■ **Dataset entries**:
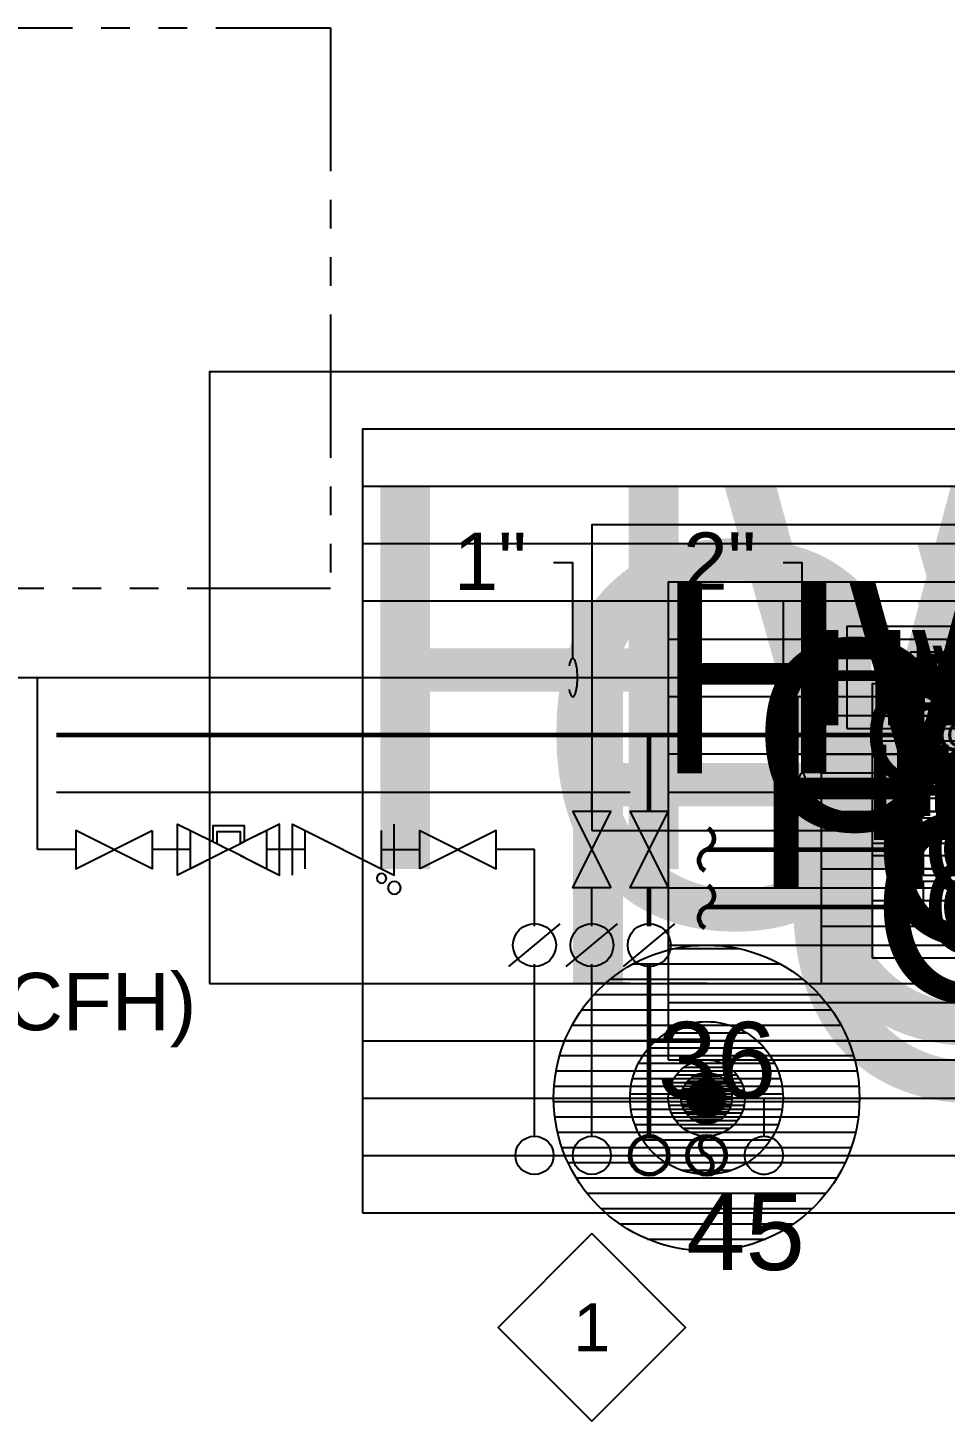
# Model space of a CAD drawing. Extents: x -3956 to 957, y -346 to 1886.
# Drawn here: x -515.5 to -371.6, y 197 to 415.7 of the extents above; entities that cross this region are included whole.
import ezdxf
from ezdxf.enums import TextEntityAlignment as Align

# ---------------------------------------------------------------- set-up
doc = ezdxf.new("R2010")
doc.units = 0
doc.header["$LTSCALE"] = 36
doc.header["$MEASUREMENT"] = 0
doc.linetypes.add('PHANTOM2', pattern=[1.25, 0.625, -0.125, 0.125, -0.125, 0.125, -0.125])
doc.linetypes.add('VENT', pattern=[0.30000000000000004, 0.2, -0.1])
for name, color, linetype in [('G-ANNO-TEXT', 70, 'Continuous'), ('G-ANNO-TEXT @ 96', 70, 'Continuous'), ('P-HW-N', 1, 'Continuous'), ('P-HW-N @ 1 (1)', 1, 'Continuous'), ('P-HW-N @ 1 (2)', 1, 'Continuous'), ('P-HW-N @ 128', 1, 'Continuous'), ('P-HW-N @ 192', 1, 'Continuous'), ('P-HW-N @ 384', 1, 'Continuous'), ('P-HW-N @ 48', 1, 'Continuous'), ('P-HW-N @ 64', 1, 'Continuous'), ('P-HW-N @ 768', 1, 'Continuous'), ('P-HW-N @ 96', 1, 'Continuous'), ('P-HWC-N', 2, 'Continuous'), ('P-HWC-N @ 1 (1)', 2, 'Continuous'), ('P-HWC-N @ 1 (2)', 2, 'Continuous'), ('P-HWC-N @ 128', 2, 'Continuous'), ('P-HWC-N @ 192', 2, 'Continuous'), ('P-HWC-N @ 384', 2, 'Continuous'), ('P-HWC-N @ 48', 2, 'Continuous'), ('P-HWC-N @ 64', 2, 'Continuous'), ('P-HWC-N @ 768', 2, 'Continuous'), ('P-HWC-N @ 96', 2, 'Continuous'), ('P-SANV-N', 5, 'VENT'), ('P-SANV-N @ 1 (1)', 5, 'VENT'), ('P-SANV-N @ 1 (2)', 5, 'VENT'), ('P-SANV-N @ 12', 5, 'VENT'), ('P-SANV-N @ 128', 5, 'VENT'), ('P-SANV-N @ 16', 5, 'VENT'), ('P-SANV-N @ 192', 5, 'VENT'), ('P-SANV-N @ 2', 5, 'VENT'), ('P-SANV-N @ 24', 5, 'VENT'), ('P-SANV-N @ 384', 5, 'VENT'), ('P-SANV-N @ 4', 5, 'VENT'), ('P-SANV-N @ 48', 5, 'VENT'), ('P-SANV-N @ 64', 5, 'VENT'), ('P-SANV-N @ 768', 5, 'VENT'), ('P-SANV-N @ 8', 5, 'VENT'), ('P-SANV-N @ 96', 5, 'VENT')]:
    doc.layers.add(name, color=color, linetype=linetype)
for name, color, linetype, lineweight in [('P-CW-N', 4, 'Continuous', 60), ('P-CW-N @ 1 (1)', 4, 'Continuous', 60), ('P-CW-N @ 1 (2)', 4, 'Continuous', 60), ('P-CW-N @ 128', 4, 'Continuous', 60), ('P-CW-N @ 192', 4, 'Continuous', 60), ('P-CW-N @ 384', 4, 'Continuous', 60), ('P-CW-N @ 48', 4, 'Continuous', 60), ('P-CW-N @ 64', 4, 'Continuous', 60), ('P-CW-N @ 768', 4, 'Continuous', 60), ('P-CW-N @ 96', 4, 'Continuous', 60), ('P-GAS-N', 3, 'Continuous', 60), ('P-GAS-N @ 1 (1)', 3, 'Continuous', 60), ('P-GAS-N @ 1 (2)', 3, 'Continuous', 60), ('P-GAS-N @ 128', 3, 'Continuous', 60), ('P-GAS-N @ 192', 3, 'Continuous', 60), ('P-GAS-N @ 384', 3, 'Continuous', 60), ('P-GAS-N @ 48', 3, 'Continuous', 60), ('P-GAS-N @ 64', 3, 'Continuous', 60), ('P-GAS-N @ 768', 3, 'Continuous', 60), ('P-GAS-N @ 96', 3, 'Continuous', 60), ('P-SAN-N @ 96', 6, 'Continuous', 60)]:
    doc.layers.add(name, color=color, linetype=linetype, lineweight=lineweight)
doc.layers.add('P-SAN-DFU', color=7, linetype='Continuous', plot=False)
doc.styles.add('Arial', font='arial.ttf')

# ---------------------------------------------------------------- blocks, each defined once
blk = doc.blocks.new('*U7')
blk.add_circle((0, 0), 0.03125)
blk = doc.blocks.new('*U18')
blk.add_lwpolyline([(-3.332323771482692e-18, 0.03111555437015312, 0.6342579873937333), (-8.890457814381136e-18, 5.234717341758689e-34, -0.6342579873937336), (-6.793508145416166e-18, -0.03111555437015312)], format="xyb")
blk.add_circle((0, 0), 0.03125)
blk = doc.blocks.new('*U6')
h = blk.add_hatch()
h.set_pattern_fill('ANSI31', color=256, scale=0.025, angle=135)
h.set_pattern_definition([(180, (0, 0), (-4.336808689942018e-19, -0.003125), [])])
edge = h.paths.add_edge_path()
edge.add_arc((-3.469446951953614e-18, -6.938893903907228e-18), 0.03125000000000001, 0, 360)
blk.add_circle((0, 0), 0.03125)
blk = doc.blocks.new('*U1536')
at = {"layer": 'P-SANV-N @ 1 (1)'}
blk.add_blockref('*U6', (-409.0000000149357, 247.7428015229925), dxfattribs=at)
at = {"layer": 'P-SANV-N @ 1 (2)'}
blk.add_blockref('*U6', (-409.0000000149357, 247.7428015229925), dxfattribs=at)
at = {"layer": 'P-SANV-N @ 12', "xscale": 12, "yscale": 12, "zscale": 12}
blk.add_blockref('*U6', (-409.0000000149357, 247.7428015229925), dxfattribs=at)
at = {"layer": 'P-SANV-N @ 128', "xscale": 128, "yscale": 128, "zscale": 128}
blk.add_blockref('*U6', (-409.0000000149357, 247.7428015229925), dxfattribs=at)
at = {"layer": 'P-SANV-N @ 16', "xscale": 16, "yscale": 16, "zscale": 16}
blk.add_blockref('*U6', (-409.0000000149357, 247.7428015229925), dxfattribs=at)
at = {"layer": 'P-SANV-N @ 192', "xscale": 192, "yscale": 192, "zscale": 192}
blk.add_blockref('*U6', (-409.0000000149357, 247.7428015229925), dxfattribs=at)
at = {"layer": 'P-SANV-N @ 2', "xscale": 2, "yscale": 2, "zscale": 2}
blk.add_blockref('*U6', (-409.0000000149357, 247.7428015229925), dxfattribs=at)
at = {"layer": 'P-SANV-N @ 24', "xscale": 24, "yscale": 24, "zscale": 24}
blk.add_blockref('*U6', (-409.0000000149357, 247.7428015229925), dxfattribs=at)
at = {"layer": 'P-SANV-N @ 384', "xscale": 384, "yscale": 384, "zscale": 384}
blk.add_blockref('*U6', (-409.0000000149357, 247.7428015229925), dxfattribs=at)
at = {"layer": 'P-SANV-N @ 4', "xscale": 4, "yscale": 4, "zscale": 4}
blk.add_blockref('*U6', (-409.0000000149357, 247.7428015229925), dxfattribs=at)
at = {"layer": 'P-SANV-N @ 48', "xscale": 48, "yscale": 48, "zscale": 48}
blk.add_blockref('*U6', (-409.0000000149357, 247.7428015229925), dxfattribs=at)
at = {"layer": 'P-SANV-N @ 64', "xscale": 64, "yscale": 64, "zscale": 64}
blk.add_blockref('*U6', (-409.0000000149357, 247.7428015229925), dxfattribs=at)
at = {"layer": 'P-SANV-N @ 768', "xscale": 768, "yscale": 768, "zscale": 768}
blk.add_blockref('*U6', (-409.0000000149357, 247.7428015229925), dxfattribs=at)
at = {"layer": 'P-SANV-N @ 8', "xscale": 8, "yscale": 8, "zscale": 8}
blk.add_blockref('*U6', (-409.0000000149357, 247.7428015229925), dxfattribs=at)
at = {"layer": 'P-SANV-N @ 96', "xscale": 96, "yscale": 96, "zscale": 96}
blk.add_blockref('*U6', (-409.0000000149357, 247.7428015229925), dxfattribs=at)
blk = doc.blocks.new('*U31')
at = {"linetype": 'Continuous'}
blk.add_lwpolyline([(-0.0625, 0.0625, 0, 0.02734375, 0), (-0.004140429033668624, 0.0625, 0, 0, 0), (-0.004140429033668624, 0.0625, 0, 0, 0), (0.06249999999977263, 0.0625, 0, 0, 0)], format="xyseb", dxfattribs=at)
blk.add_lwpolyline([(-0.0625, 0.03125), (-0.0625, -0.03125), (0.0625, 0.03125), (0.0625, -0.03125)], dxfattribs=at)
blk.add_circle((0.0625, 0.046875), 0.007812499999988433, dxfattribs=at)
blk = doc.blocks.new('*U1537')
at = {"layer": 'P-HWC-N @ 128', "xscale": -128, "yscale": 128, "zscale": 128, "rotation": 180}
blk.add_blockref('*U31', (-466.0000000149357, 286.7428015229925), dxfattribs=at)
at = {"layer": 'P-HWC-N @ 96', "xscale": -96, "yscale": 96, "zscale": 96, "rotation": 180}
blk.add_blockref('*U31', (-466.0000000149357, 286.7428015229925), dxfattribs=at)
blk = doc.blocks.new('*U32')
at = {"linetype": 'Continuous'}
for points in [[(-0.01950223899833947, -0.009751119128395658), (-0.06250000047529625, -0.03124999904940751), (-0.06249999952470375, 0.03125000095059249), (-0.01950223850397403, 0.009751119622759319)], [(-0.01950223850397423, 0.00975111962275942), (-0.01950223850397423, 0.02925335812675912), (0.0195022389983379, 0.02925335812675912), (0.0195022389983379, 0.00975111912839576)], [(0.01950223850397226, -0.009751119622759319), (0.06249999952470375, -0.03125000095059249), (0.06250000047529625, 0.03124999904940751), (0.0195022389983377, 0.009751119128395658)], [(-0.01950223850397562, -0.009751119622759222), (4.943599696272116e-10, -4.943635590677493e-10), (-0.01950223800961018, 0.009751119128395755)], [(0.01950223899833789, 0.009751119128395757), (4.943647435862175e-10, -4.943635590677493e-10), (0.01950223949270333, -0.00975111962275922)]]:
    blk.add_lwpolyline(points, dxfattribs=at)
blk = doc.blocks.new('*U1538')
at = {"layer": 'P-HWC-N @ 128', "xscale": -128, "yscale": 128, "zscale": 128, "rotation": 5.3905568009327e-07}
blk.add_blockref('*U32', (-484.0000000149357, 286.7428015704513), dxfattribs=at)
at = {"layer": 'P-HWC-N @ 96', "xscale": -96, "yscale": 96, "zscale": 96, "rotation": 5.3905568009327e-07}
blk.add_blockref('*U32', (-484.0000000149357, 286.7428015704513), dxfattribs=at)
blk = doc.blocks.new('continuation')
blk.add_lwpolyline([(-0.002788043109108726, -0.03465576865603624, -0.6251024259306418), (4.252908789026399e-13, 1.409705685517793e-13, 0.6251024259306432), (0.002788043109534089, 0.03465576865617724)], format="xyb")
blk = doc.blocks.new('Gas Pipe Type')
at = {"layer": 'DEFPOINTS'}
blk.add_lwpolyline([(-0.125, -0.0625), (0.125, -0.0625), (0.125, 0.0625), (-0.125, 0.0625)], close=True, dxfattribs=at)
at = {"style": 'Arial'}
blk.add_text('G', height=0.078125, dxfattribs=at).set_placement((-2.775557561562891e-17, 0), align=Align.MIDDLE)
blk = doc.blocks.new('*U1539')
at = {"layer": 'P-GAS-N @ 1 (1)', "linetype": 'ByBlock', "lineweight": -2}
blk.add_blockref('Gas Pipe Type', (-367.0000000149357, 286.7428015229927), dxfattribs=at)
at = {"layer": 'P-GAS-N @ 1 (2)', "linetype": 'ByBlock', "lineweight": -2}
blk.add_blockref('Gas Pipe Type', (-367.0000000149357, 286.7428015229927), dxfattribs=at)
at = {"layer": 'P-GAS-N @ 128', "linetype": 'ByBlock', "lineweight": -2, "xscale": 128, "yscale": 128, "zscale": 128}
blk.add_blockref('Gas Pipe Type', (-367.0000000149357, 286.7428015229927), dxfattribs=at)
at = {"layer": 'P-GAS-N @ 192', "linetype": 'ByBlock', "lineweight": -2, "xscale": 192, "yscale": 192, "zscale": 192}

■ **What is required**:
Print once more, exactly, the lines that start at the top of the records above and end at the line with "pattern=[0.30000000000000004, 0.2, -0.1])", skipping all pictures.

■ **Solution**:
# Model space of a CAD drawing. Extents: x -3956 to 957, y -346 to 1886.
# Drawn here: x -515.5 to -371.6, y 197 to 415.7 of the extents above; entities that cross this region are included whole.
import ezdxf
from ezdxf.enums import TextEntityAlignment as Align

# ---------------------------------------------------------------- set-up
doc = ezdxf.new("R2010")
doc.units = 0
doc.header["$LTSCALE"] = 36
doc.header["$MEASUREMENT"] = 0
doc.linetypes.add('PHANTOM2', pattern=[1.25, 0.625, -0.125, 0.125, -0.125, 0.125, -0.125])
doc.linetypes.add('VENT', pattern=[0.30000000000000004, 0.2, -0.1])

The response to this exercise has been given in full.